Addressing weight can be difficult
Groups might be encouraging doctors to discuss the issue, but some physicians struggle to get the obesity message across to patients.
A study of 355 North Carolina pediatricians found that pediatricians who identified themselves as thin or overweight had more difficulty counseling about weight than colleagues who considered themselves average weight.
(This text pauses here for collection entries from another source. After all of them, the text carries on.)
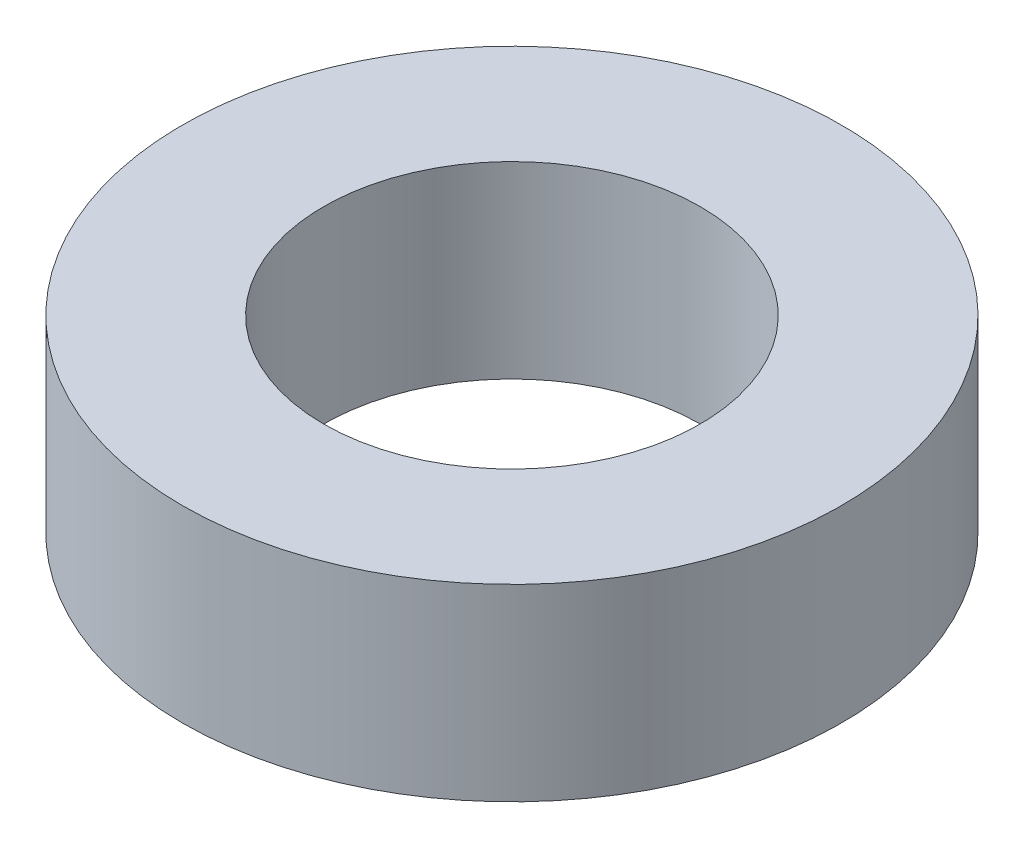
from build123d import *

# Parameters (mm, degrees)
SKETCH1_R           = 17.5
SKETCH1_R_2         = 10
BOSS_EXTRUDE1_DEPTH = 10


with BuildPart() as part:
    # Sketch1 → Boss-Extrude1 (new body)
    with BuildSketch(Plane(origin=(0, 0, 0), x_dir=(1, 0, 0), z_dir=(0, 1, 0))):
        with Locations(Location((0, 0, 0), (0, 0, 270))):
            Circle(SKETCH1_R)
        with Locations(Location((0, 0, 0), (0, 0, 270))):
            Circle(SKETCH1_R_2, mode=Mode.SUBTRACT)
    extrude(amount=BOSS_EXTRUDE1_DEPTH)


solid = part.part

Researchers said overweight doctors might worry their counseling would seem hypocritical, while thin physicians might worry their patients would view them as unsympathetic, according to the study in the February 2005 Obesity Research.
"It's very frustrating for physicians and for society to treat obesity. It's hard for people to assume they're responsible for their own weight [problem]," said Reginald Washington, MD, a pediatric cardiologist in Denver and co-chair of the American Academy of Pediatrics' obesity task force. "It's not uncommon for parents and patients to be upset when someone approaches the topic of obesity. That's more normal than not."
Dr. Bennett, the New Hampshire doctor, said he learned about his obese patient's complaint last year and wrote an apology to the upset patient. He said he did nothing wrong.
"My job is to get your attention, and have you read my obituary rather than the other way around," he said. "If we shoot the messenger every time they deliver a bad message, then there won't be any messengers left."
This isn't the first time Dr. Bennett has been brought before the board. It fined him $1,000 in 1995 for providing false information on medical license applications about being denied hospital privileges.
The board also is re-examining a 2001 complaint from another patient who said Dr. Bennett told her to commit suicide to end her physical suffering. The doctor denies any wrongdoing. A hearing has been set for Dec. 7 on that complaint and the one involving the obese patient.
Physician leaders said they hoped the current investigation against Dr. Bennett would not stop doctors from talking about obesity for fear of being the focus of a patient complaint.
"I hope there are none who back off," said American Academy of Family Physicians Board Chair Michael Fleming, MD. "What I hope is doctors look at their sensitivity and be respectful and sensitive when they talk about [obesity]."
Dr. Fleming said physicians need to be sensitive when addressing obesity with patients, just as they would discussing sexually transmitted diseases and substance abuse problems.
Arkansas internist William Golden, MD, said physicians might encounter frustration from patients when they address obesity. He said physicians need to approach the matter with a certain amount of delicacy but they must be honest with their patients about the health problems that come with obesity.
"You cannot assume that you can give every patient the same message in the same format," said Dr. Golden, chair-elect of the American College of Physicians' Board of Regents. "There are patients who you break news to who will not be happy, and that's part of being a doctor."